The Canadian dollar has been on a downward trajectory this week, influenced by various economic factors and market movements. Despite an overall stronger US dollar, the currency pair marked its third consecutive session of decline on Thursday, trading near 1.3680. This comes amid a broader dip in the DXY index, which measures the greenback against a basket of other major currencies, falling to around 103.70 as equity markets showed signs of cooling before the US Thanksgiving holiday.
The loonie’s weakness was particularly noticeable on Wednesday as West Texas Intermediate (WTI) prices dropped to $76.10. This decline in one of Canada’s key exports was attributed to delayed discussions among OPEC+ members and signs of a slowing US economy, both of which can have significant implications for Canada’s commodity-driven economy.
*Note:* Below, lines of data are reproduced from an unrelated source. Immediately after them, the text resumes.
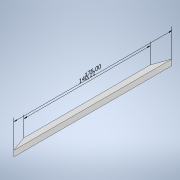
# Autodesk Inventor part: Top
Saved by Autodesk Inventor 2020.1 (Build 241239000, 239)
## iProperties
Created: 2019-12-12
Part Number: Top
Material: Generic
Document SubType Name: Modeling
Designer: super
Density: 1 g/cm^3
Appearance: Default
Author: super
Autodesk Inventor part; units mm, degrees
ref_plane "YZ Plane" through (0, 0, 0) normal (1, 0, 0) x (0, 1, 0)
ref_plane "XZ Plane" through (0, 0, 0) normal (0, 1, 0) x (-1, 0, 0)
ref_plane "XY Plane" through (0, 0, 0) normal (0, 0, 1) x (1, 0, 0)
sketch "Sketch1" plane through (0, 0, 0) normal (0, 1, 0) x (-1, 0, 0)
  line L0 (0, 0) -> (0, -175)
  line L1 (0, -175) -> (6.35, -175)
  line L2 (6.35, -175) -> (6.35, 0)
  line L3 (6.35, 0) -> (0, 0)
  dimension "d0" = 175
  dimension "d1" = 6.35
  constraints: 8 end point, 2 vertical, 1 horizontal, 1 perpendicular
  measures "d0" distance of L0.start L0.end
  measures "d1" distance of L0.end L1.end
extrude "Extrusion1" add sketch "Sketch1" along normal blind 6.35
sketch "Sketch2" plane through (0, 6.35, 0) normal (0, 1, 0) x (1, 0, 0)
  line L0 (-6.35, 0) -> (0, 0) projected
  line L1 (0, 0) -> (-6.35, 17.4465)
  line L2 (-6.35, 175) -> (-6.35, 0) projected
  line L3 (0, 0) -> (18.5662, 0) construction
  dimension "d4" = 110
  constraints: 4 end point, 1 equal length, 1 horizontal, 1 point on line
  measures "d4" angle of L3 L1
extrude "Extrusion2" cut sketch "Sketch2" against normal blind 6.35
sketch "Sketch3" plane through (0, 6.35, 0) normal (0, 1, 0) x (1, 0, 0)
  line L0 (0, 0) -> (0, 175) projected
  line L1 (0, 175) -> (-6.35, 157.5535)
  line L2 (-6.35, 175) -> (-6.35, 17.4465) projected
  line L3 (0, 175) -> (18.5662, 175) construction
  line L4 (0, 175) -> (-6.35, 175) projected
  line L5 (-6.35, 157.5535) -> (-6.35, 175)
  line L6 (-6.35, 175) -> (0, 175)
  dimension "d7" = 110
  constraints: 8 end point, 1 equal length, 1 horizontal, 1 perpendicular, 1 point on line, 1 vertical
  measures "d7" angle of L1 L3
extrude "Extrusion3" cut sketch "Sketch3" against normal blind 10
body "Solid1"
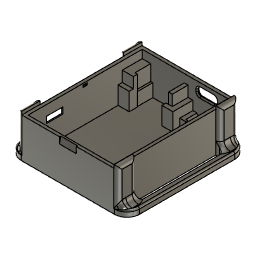
case 5.3 v6 (Autodesk Fusion 360 design; units mm, degrees)
Autodesk Fusion 360 part; units mm, degrees
note: some values were not read from the file. Set by a fixed rule: which face or edge a step refers to.
sketch "case" plane through (0, 0, 0) normal (0, 0, 1) x (1, 0, 0) in component "case"
  line L0 (0, 0) -> (41, 0)
  line L1 (41, 0) -> (41, 41)
  line L2 (0, 41) -> (0, 0)
  line L3 (0, 41) -> (0, 54.6)
  line L4 (0, 54.6) -> (41, 54.6)
  line L5 (41, 54.6) -> (41, 41)
  line L6 (4.1, 47.05) -> (0, 47.05)
  line L7 (4.1, 47.05) -> (4.1, 54.6)
  line L8 (20.15, 47.05) -> (4.1, 47.05)
  line L9 (20.15, 54.6) -> (20.15, 47.05)
  line L10 (0, 45.05) -> (5.3, 45.05)
  line L11 (5.3, 45.05) -> (5.3, 47.05)
  line L12 (12.125, 47.05) -> (12.125, 54.6) construction
  line L13 (24.25, 45.05) -> (18.95, 45.05)
  line L14 (18.95, 45.05) -> (18.95, 47.05)
  line L15 (20.15, 47.05) -> (24.25, 47.05)
  line L16 (24.25, 45.05) -> (24.25, 54.6)
  line L17 (41, 41) -> (0.0428, 41) construction
  line L18 (39, 43) -> (39, 54.6)
  line L19 (41, 41) -> (36, 41)
  line L20 (36, 41) -> (36, 43)
  line L21 (36, 43) -> (39, 43)
  line L22 (5.1, 47.05) -> (5.1, 54.6)
  line L23 (19.15, 47.05) -> (19.15, 54.6)
  line L24 (36, 43) -> (36, 45)
  line L25 (36, 45) -> (39, 45)
  line L26 (39, 43) -> (41, 43)
  line L27 (0, 2) -> (41, 2)
  line L28 (0, 43.05) -> (5.3, 43.05)
  line L29 (5.3, 45.05) -> (5.3, 43.05)
  dimension "d1" = 41
  dimension "d2" = 41
  dimension "d268" = 16.05
  dimension "d269" = 7.55
  dimension "d270" = 13.6
  dimension "d274" = 2
  dimension "d275" = 1.2
  dimension "d329" = 2
  dimension "d330" = 2
  dimension "d336" = 4.1
  dimension "d338" = 1
  dimension "d373" = 2
  dimension "d374" = 5
  dimension "d375" = 2
  dimension "d494" = 2
  constraint horizontal L0
  constraint vertical L1
  constraint vertical L2
  constraint coincident L0.start L2.end
  constraint vertical L3
  constraint horizontal L4
  constraint vertical L5
  constraint vertical L9
  constraint horizontal L8
  constraint vertical L7
  constraint perpendicular L6 L7
  constraint coincident L3 L6.end
  constraint coincident L4 L7.end
  constraint coincident L4 L9.start
  constraint coincident L3 L10.start
  constraint perpendicular L3 L10
  constraint coincident L8 L11.end
  constraint perpendicular L8 L11
  constraint midpoint L8 L12.start
  constraint coincident L4 L12.end
  constraint perpendicular L4 L12
  constraint symmetric L6.start L12 L8.start
  constraint symmetric L6.end L12 L15.end
  constraint symmetric L10.start L12 L13.start
  constraint symmetric L10.end L12 L13.end
  constraint symmetric L11.end L12 L14.end
  constraint coincident L4 L16.end
  constraint perpendicular L4 L16
  constraint perpendicular L5 L17
  constraint collinear L1.end L2.start L17.end
  constraint coincident L4 L18.end
  constraint perpendicular L4 L18
  constraint coincident L17 L19.end
  constraint perpendicular L17 L20
  constraint perpendicular L20 L21
  constraint coincident L18.start L21
  constraint coincident L8 L22.start
  constraint coincident L4 L22.end
  constraint perpendicular L4 L22
  constraint symmetric L12 L22.start L23.start
  constraint symmetric L12 L22.end L23.end
  constraint perpendicular L21 L24
  constraint coincident L18 L25.end
  constraint perpendicular L18 L25
  constraint coincident L5 L26.end
  constraint parallel L21 L26
  constraint coincident L2 L27.start
  constraint coincident L1 L27.end
  constraint perpendicular L1 L27
  constraint coincident L3 L28.start
  constraint perpendicular L3 L28
  constraint perpendicular L28 L29
  measures "d1" distance of L0.start L0.end
  measures "d2" distance of L0.start L2.start
  measures "d268" distance of L7.end L9.start
  measures "d269" distance of L6.start L7.end
  measures "d270" distance of L2.start L4
  measures "d274" distance of L6 L10
  measures "d275" distance of L7 L11
  measures "d329" distance of L5 L18
  measures "d330" distance of L19 L21
  measures "d336" distance of L3 L7
  measures "d338" distance of L7 L22
  measures "d373" distance of L21 L25
  measures "d374" distance of L5 L24
  measures "d375" distance of L0 L27
  measures "d494" distance of L10 L28
extrude "Extrude1" add sketch "case" along normal blind 17.5 makes body 1 in component "case"
shell "Shell1" thickness 1.5 outward yes removed faces 1 at (13.6667, 28, 17.5) on bodies 1 in component "case"
extrude "Extrude21" add sketch "case" along normal blind 8.5 contours L0 L1 L2 L27 | L3 L10 L28 L29 | L4 L5 L18 L26 | L18 L21 L24 L25 | L4 L9 L15 L16 | L8 L13 L14 L15 L16 bodies 1 in component "case"
extrude "Extrude22" add sketch "case" along normal blind 13.6 contours L3 L6 L8 L10 L11 | L3 L4 L6 L7 bodies 1 in component "case"
extrude "Extrude25" add sketch "case" along normal blind 6.2 contours L4 L7 L8 L22 | L4 L8 L9 L23 bodies 1 in component "case"
sketch "tray" plane through (0, 0, 0) normal (0, 0, 1) x (1, 0, 0) in component "tray"
  line L0 (0, 0) -> (40.75, 0)
  line L1 (40.75, 0) -> (40.75, 54.3)
  line L2 (0, 54.3) -> (0, 0)
  line L3 (25.45, 25.8) -> (25.45, 27.6)
  line L4 (25.45, 27.6) -> (36.25, 27.6)
  line L5 (36.25, 27.6) -> (36.25, 25.8)
  line L6 (36.25, 25.8) -> (25.45, 27.6) construction
  line L7 (25.45, 25.8) -> (36.25, 27.6) construction
  line L8 (0, 43.7) -> (0, 27.5) construction
  line L9 (0, 54.3) -> (0, 43.7)
  line L10 (40.75, 54.3) -> (0, 54.3)
  line L11 (0, 25.8) -> (40.75, 25.8)
  line L12 (0, 12.9) -> (40.75, 12.9) construction
  line L13 (27.2, 6.65) -> (11.5, 6.65)
  line L14 (11.5, 6.65) -> (11.5, 19.15)
  line L15 (11.5, 19.15) -> (27.2, 19.15)
  line L16 (27.2, 19.15) -> (27.2, 6.65)
  line L17 (27.2, 6.65) -> (11.5, 19.15) construction
  line L18 (11.5, 6.65) -> (27.2, 19.15) construction
  line L19 (34.5, 4.7) -> (10, 4.7)
  line L20 (10, 4.7) -> (10, 21.1)
  line L21 (10, 21.1) -> (34.5, 21.1)
  line L22 (34.5, 21.1) -> (34.5, 4.7)
  line L23 (34.5, 4.7) -> (10, 21.1) construction
  line L24 (10, 4.7) -> (34.5, 21.1) construction
  line L25 (32.3, 25.8) -> (34.5, 23.6)
  line L26 (34.5, 21.1) -> (34.5, 25.8)
  line L27 (32.3, 0) -> (34.5, 2.2)
  line L28 (34.5, 4.7) -> (34.5, 0)
  line L29 (7.097, 0) -> (7.097, 3)
  line L30 (7.097, 3) -> (28.483, 3)
  line L31 (28.483, 3) -> (28.483, 0)
  line L32 (7.097, 0) -> (28.483, 0)
  line L33 (7.097, 25.8) -> (28.483, 25.8)
  line L34 (28.483, 22.8) -> (28.483, 25.8)
  line L35 (7.097, 22.8) -> (28.483, 22.8)
  line L36 (7.097, 25.8) -> (7.097, 22.8)
  line L37 (39.55, 25.8) -> (39.55, 54.3)
  line L38 (39.55, 40.05) -> (22.15, 40.05) construction
  line L39 (22.15, 25.8) -> (22.15, 54.3)
  line L40 (30.85, 40.05) -> (30.85, 25.8) construction
  line L41 (34.5, 23.6) -> (40.75, 23.6)
  line L42 (36.15, 54.3) -> (36.15, 50.9)
  line L43 (36.15, 50.9) -> (39.55, 50.9)
  line L44 (25.55, 50.9) -> (22.15, 50.9)
  line L45 (25.55, 54.3) -> (25.55, 50.9)
  line L46 (22.15, 27.9) -> (39.55, 27.9)
  line L47 (22.15, 31.3) -> (39.55, 31.3)
  line L48 (0, 25.8) -> (0, 0) construction
  line L49 (25.45, 25.8) -> (36.25, 25.8)
  line L50 (4.2, 54.3) -> (20.2, 54.3)
  line L51 (20.2, 54.3) -> (20.2, 46.5)
  line L52 (20.2, 46.5) -> (4.2, 46.5)
  line L53 (4.2, 46.5) -> (4.2, 54.3)
  line L54 (4.2, 46.5) -> (0, 46.5)
  line L55 (20.2, 46.5) -> (22.15, 46.5)
  line L56 (20.8, 46.5) -> (20.8, 25.8)
  line L57 (0, 42.9) -> (20.8, 42.9)
  line L58 (0, 27) -> (20.8, 27)
  line L59 (20.8, 39.9) -> (10, 39.9)
  line L60 (10, 39.9) -> (10, 42.9)
  line L61 (20.8, 46.5) -> (20.8, 54.3)
  line L62 (22.15, 50.9) -> (20.8, 50.9)
  line L63 (0, 44.1) -> (5.2, 44.1)
  line L64 (5.2, 44.1) -> (5.2, 42.9)
  line L65 (20.8, 27) -> (22.15, 27)
  line L66 (25.45, 27) -> (36.25, 27)
  line L67 (5.2, 44.1) -> (10, 44.1)
  line L68 (10, 42.9) -> (10, 44.1)
  circle A0 centre (18.1, 29.6) radius 1.4
  line L69 (0, 29.6) -> (20.8, 29.6) construction
  line L70 (10.4, 29.6) -> (10.4, 27)
  line L71 (20.8, 44.1) -> (18.8, 44.1)
  line L72 (18.8, 44.1) -> (18.8, 42.9)
  circle A1 centre (2.7, 29.6) radius 1.4
  line L73 (36.25, 25.8) -> (36.25, 23.6)
  line L74 (27.2, 19.15) -> (30.4, 19.15)
  line L75 (30.4, 19.15) -> (30.4, 6.65)
  line L76 (30.4, 6.65) -> (27.2, 6.65)
  line L77 (28.483, 3) -> (28.483, 22.8)
  point P0 (30.85, 26.7)
  point P1 (19.35, 12.9)
  point P2 (22.25, 12.9)
  point P3 (61.6964, 12.9)
  point P4 (8.897, 1.47)
  point P5 (26.683, 1.47)
  dimension "d38" = 40.75
  dimension "d46" = 10.8
  dimension "d141" = 12.5
  dimension "d142" = 11.5
  dimension "d143" = 27.2
  dimension "d144" = 10
  dimension "d145" = 34.5
  dimension "d146" = 16.4
  dimension "d199" = 54.3
  dimension "d212" = 8.897
  dimension "d213" = 17.786
  dimension "d214" = 1.47
  dimension "d215" = 1.8
  dimension "d216" = 1.8
  dimension "d217" = 3
  dimension "d218" = 1.47
  dimension "d222" = 17.4
  dimension "d224" = 25.8
  dimension "d226" = 3.4
  dimension "d227" = 3.4
  dimension "d229" = 23
  dimension "d244" = 26.4
  dimension "d246" = 26.7
  dimension "d247" = 45
  dimension "d248" = 1.8
  dimension "d249" = 32.3
  dimension "d253" = 1.2
  dimension "d254" = 16
  dimension "d255" = 7.8
  dimension "d256" = 4.2
  dimension "d257" = 9.9
  dimension "d259" = 20.8
  dimension "d261" = 1.2
  dimension "d262" = 15.9
  dimension "d263" = 10.8
  dimension "d264" = 3
  dimension "d265" = 5.2
  dimension "d266" = 1.2
  dimension "d323" = 2.8
  dimension "d326" = 2.6
  dimension "d353" = 2.7
  dimension "d354" = 2
  dimension "d363" = 28.5
  dimension "d364" = 2.2
  dimension "d365" = 24.5
  dimension "d366" = 1.5
  dimension "d367" = 15.7
  dimension "d459" = 3.2
  constraint horizontal L0
  constraint vertical L1
  constraint horizontal L10
  constraint collinear L0.start L2.end L0.end
  constraint coincident L6 P0
  constraint coincident L7 P0
  constraint coincident L2 L8.end
  constraint vertical L9
  constraint coincident L2 L12.start
  constraint coincident L1 L12.end
  constraint perpendicular L1 L12
  constraint horizontal L13
  constraint perpendicular L13 L14
  constraint parallel L13 L15
  constraint parallel L14 L16
  constraint coincident L17 P1
  constraint coincident L18 P1
  constraint coincident L12 P1
  constraint horizontal L19
  constraint perpendicular L19 L20
  constraint parallel L19 L21
  constraint parallel L20 L22
  constraint coincident L23 P2
  constraint coincident L24 P2
  constraint coincident L12 P2
  constraint perpendicular L21 L26
  constraint coincident L25.end L26
  constraint symmetric L12 L21.end L19.start
  constraint symmetric L12 L25.start L27.start
  constraint symmetric L12 L25.end L27.end
  constraint symmetric L12 L26.end L28.end
  constraint coincident L12 P3
  constraint coincident L0 L29.start
  constraint perpendicular L0 L29
  constraint perpendicular L29 L30
  constraint coincident L0 L31.end
  constraint perpendicular L0 L31
  constraint symmetric L12 L29.start L33.start
  constraint symmetric L12 L29.end L35.start
  constraint symmetric L12 L30.end L34.start
  constraint symmetric L12 L31.end L33.end
  constraint coincident L10 L37.end
  constraint perpendicular L10 L37
  constraint coincident L2.start L10
  constraint midpoint L37 L38.start
  constraint perpendicular L37 L38
  constraint coincident L11 L39.start
  constraint coincident L10 L39.end
  constraint perpendicular L10 L39
  constraint coincident L38.end L39
  constraint vertical L40
  constraint midpoint L38 L40.start
  constraint coincident P0 L40
  constraint coincident L1 L41.end
  constraint perpendicular L1 L41
  constraint coincident L10 L42.start
  constraint perpendicular L10 L42
  constraint coincident L37 L43.end
  constraint perpendicular L37 L43
  constraint symmetric L40 L42.start L45.start
  constraint symmetric L40 L42.end L44.start
  constraint symmetric L40 L43.end L44.end
  constraint coincident L39 L46.start
  constraint coincident L37 L46.end
  constraint perpendicular L37 L46
  constraint coincident L39 L47.start
  constraint coincident L37 L47.end
  constraint perpendicular L39 L47
  constraint midpoint L12.start L48
  constraint coincident L1 L11.end
  constraint midpoint L7 P0
  constraint perpendicular L5 L49
  constraint coincident L11 L25.start
  constraint horizontal L50
  constraint vertical L51
  constraint horizontal L52
  constraint vertical L53
  constraint coincident L10 L50.start
  constraint coincident L9 L54.end
  constraint perpendicular L53 L54
  constraint coincident L39 L55.end
  constraint perpendicular L39 L55
  constraint vertical L56
  constraint coincident L55 L56.start
  constraint coincident L11 L56.end
  constraint coincident L8 L57.start
  constraint coincident L56 L57.end
  constraint perpendicular L56 L57
  constraint coincident L2 L58.start
  constraint coincident L56 L58.end
  constraint perpendicular L56 L58
  constraint coincident L56 L59.start
  constraint perpendicular L56 L59
  constraint coincident L57 L60.end
  constraint perpendicular L57 L60
  constraint coincident L10 L61.end
  constraint perpendicular L10 L61
  constraint coincident L61 L62.end
  constraint perpendicular L61 L62
  constraint coincident L9 L63.start
  constraint perpendicular L9 L63
  constraint coincident L57 L64.end
  constraint perpendicular L57 L64
  constraint collinear L11 L49
  constraint coincident L39 L65.end
  constraint perpendicular L39 L65
  constraint coincident L3 L66.start
  constraint coincident L5 L66.end
  constraint perpendicular L5 L66
  constraint collinear L65 L66
  constraint perpendicular L56 L67
  constraint perpendicular L57 L68
  constraint coincident L67.end L68
  constraint coincident L8 L69.start
  constraint coincident L56 L69.end
  constraint perpendicular L56 L69
  constraint coincident A0.centre L69
  constraint midpoint L69 L70.start
  constraint midpoint L58 L70.end
  constraint coincident L56 L71.start
  constraint perpendicular L56 L71
  constraint coincident L57 L72.end
  constraint perpendicular L57 L72
  constraint collinear L67 L71
  constraint symmetric A0 L70 A1
  constraint coincident L41 L73.end
  constraint perpendicular L41 L73
  constraint perpendicular L16 L74
  constraint perpendicular L74 L75
  constraint perpendicular L16 L76
  constraint coincident L0.start L2.end
  measures "d38" distance of L0.start L0.end
  measures "d46" distance of L3 L5
  measures "d141" distance of L13.end L14.end
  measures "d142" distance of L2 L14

Looking ahead, market participants are turning their attention to upcoming economic data releases. Canada’s retail sales figures will be closely watched for signs of consumer spending health, while anticipated declines in the US S&P Global Purchasing Managers’ Indexes (PMIs) could provide further insights into the economic outlook. This focus on fresh data follows some significant releases from the United States, including a sharper-than-expected fall in Durable Goods Orders by 5.4%, a decrease in Jobless Claims to 209K, and an uptick in Consumer Sentiment to 61.3.